Die Arbeit behandelt den Wandel des Gewissensbegriffs in der Aufklärung, Schillers Philosophie des Gewissens, die Darstellung des Gewissenskonflikts bei den Räuberfiguren, Schillers Kritik an der Aufklärung und die Rolle von Vernunft und Gefühl im moralischen Handeln. Es wird der Konflikt zwischen einem lustfeindlichen, normorientierten Gewissen und menschlichen Bedürfnissen und Gefühlen beleuchtet, sowie der Übergang von einem religiös geprägten Gewissen zu einem, das sich an gesellschaftlicher Verantwortung orientiert.
Welche Kapitel umfasst die Arbeit?
Die Arbeit besteht aus einer Einleitung, einem Kapitel über das Gewissen in der Aufklärung, einem Kapitel über Schillers Gewissensphilosophie, einem Kapitel über den Gewissenskonflikt bei den Räuberfiguren (Franz Moor und Daniel) und einem Fazit.
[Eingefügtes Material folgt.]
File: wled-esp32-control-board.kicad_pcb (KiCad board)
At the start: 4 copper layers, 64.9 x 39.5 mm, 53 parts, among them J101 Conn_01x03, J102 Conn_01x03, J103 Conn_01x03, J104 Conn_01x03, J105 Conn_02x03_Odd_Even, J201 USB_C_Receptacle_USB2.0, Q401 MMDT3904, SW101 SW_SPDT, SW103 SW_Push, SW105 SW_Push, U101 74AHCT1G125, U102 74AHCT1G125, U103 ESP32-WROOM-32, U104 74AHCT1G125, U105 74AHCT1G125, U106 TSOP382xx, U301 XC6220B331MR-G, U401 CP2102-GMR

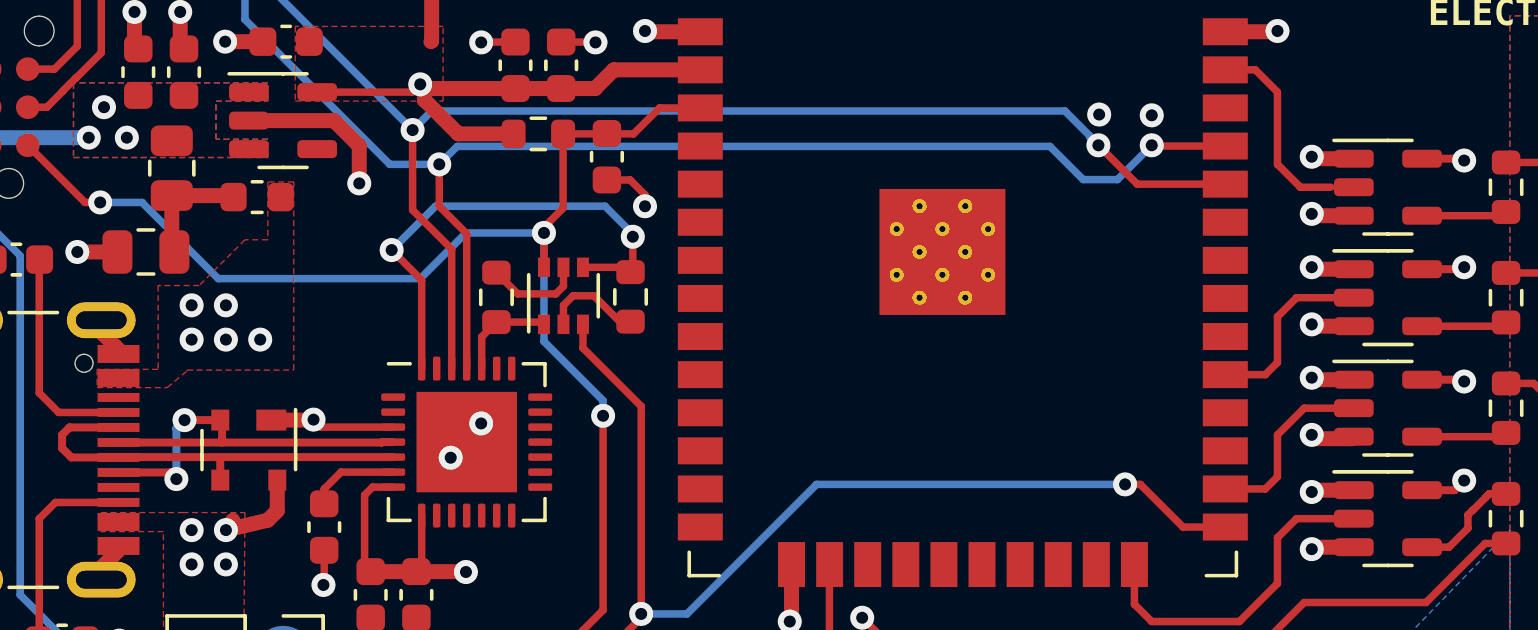
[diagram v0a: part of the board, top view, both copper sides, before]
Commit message: fix short traces
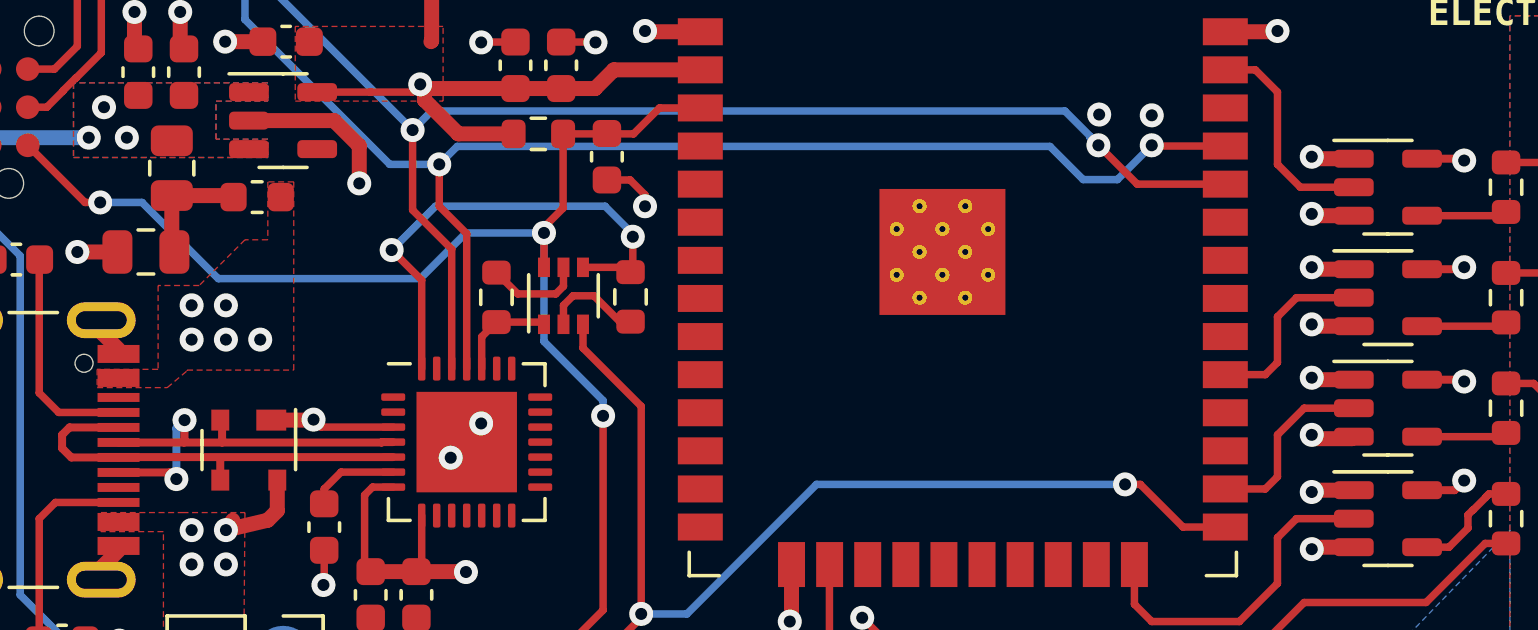
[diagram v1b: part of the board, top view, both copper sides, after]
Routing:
- net /LED0: track 6.55 -> 7.32 mm
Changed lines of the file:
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@@
   (segment (start 111.8616 91.9734) (end 112.424 91.411) (width 0.25) (layer "F.Cu") (net 7))
   (segment (start 111.8616 92.4684) (end 111.8616 91.9734) (width 0.25) (layer "F.Cu") (net 7))
+  (segment (start 107.205174 90.408626) (end 107.188 90.4258) (width 0.2672) (layer "F.Cu") (net 8))
   (segment (start 105.0088 90.4258) (end 105.006 90.423) (width 0.2672) (layer "F.Cu") (net 8))
   (segment (start 106.934 91.6441) (end 106.7129 91.423) (width 0.2672) (layer "F.Cu") (net 8))
@@
   (segment (start 108.458 89.739) (end 108.397 89.678) (width 0.2672) (layer "F.Cu") (net 8))
   (segment (start 113.789999 90.411) (end 113.775199 90.4258) (width 0.2672) (layer "F.Cu") (net 8))
-  (segment (start 107.205174 89.679174) (end 107.206348 89.678) (width 0.2672) (layer "F.Cu") (net 8))
-  (segment (start 107.206348 89.678) (end 108.397 89.678) (width 0.2672) (layer "F.Cu") (net 8))
+  (segment (start 107.205174 89.679174) (end 107.205174 90.408626) (width 0.2672) (layer "F.Cu") (net 8))
   (segment (start 114.1614 90.411) (end 113.789999 90.411) (width 0.2672) (layer "F.Cu") (net 8))
   (segment (start 113.775199 90.4258) (end 105.0088 90.4258) (width 0.2672) (layer "F.Cu") (net 8))
@@
   (segment (start 149.3545 93.914) (end 148.4575 93.914) (width 0.25) (layer "F.Cu") (net 32))
   (segment (start 150.585 92.239) (end 150.585 92.248305) (width 0.25) (layer "F.Cu") (net 32))
+  (segment (start 141.8985 78.003) (end 142.8985 78.003) (width 0.25) (layer "F.Cu") (net 33))
+  (segment (start 142.8985 78.003) (end 143.637 78.7415) (width 0.25) (layer "F.Cu") (net 33))
+  (segment (start 144.399 81.915) (end 146.1825 81.915) (width 0.25) (layer "F.Cu") (net 33))
   (segment (start 143.637 81.153) (end 144.399 81.915) (width 0.25) (layer "F.Cu") (net 33))
-  (segment (start 141.8985 78.003) (end 142.8985 78.003) (width 0.25) (layer "F.Cu") (net 33))
   (segment (start 143.637 78.7415) (end 143.637 81.153) (width 0.25) (layer "F.Cu") (net 33))
-  (segment (start 144.399 81.915) (end 145.415 81.915) (width 0.25) (layer "F.Cu") (net 33))
-  (segment (start 142.8985 78.003) (end 143.637 78.7415) (width 0.25) (layer "F.Cu") (net 33))
   (segment (start 143.637 86.233) (end 144.272 85.598) (width 0.25) (layer "F.Cu") (net 34))
   (segment (start 143.637 87.757) (end 143.637 86.233) (width 0.25) (layer "F.Cu") (net 34))

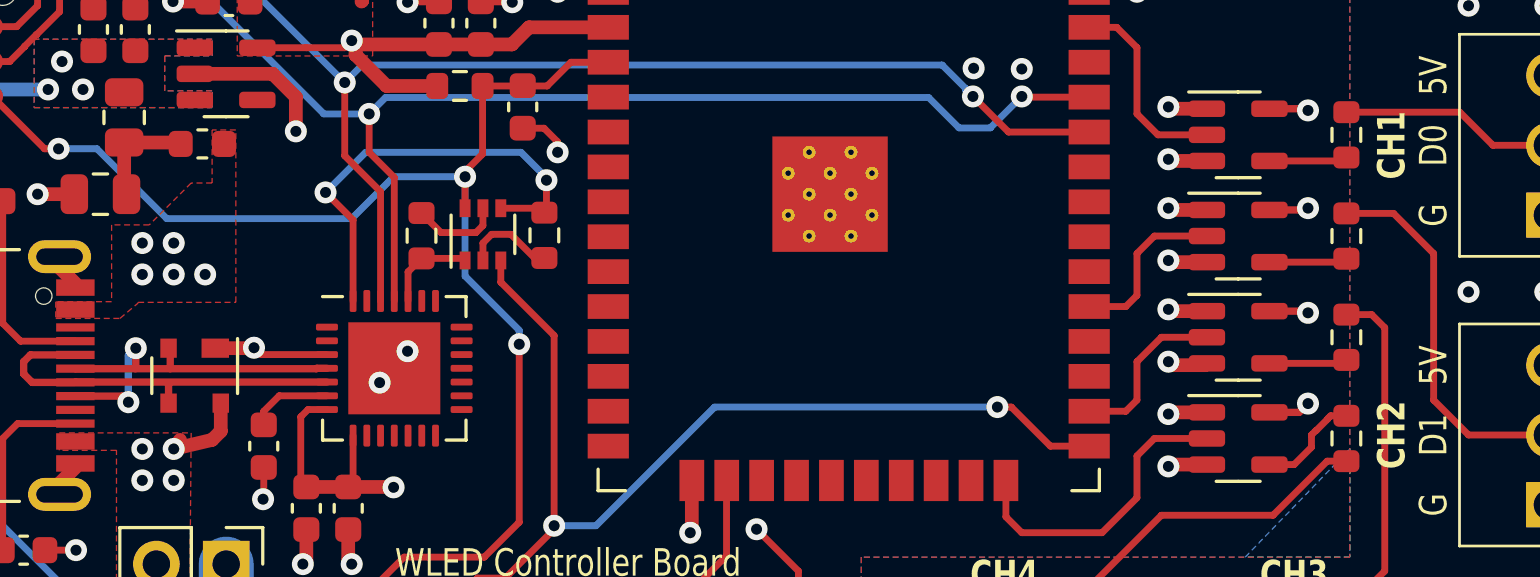
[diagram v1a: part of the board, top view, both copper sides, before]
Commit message: add teardrops
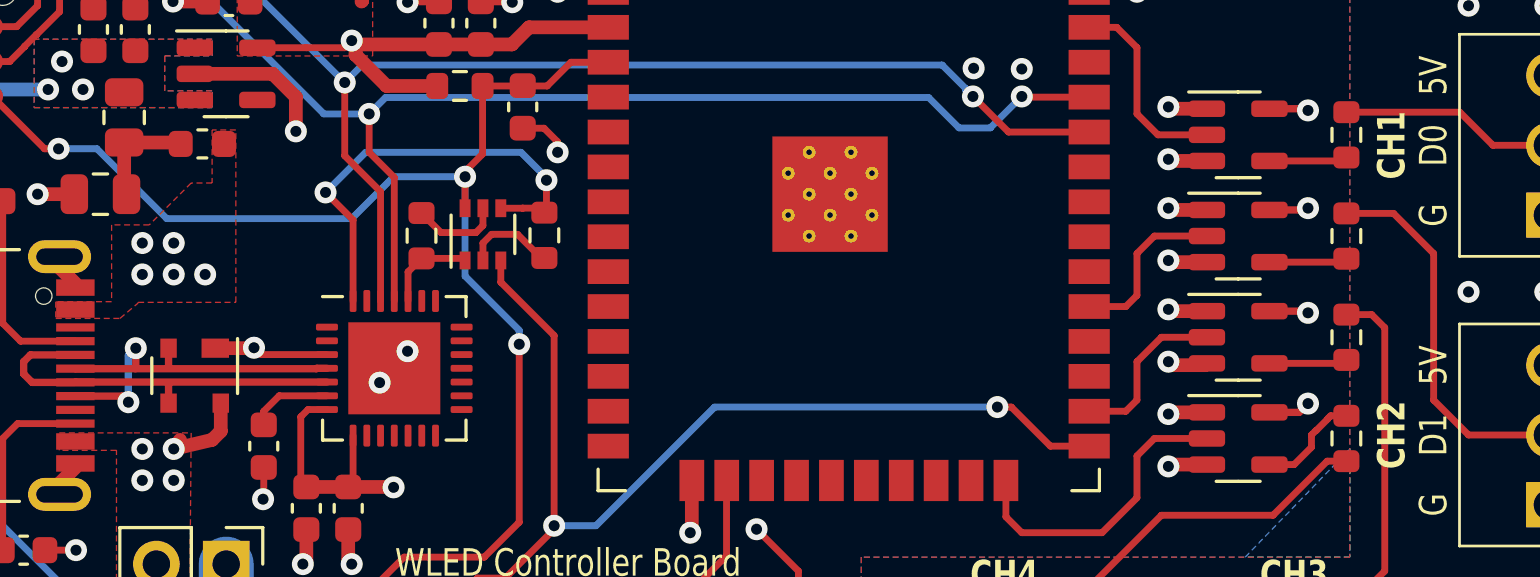
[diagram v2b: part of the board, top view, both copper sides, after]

Die Einleitung führt in die Thematik ein und stellt die Hauptfiguren vor. Das Kapitel zum Gewissen in der Aufklärung beschreibt dessen Wandel während dieser Epoche. Das Kapitel zu Schiller analysiert seine Philosophie des Gewissens, während das Kapitel zu den Räuberfiguren deren Gewissenskonflikte im Detail untersucht.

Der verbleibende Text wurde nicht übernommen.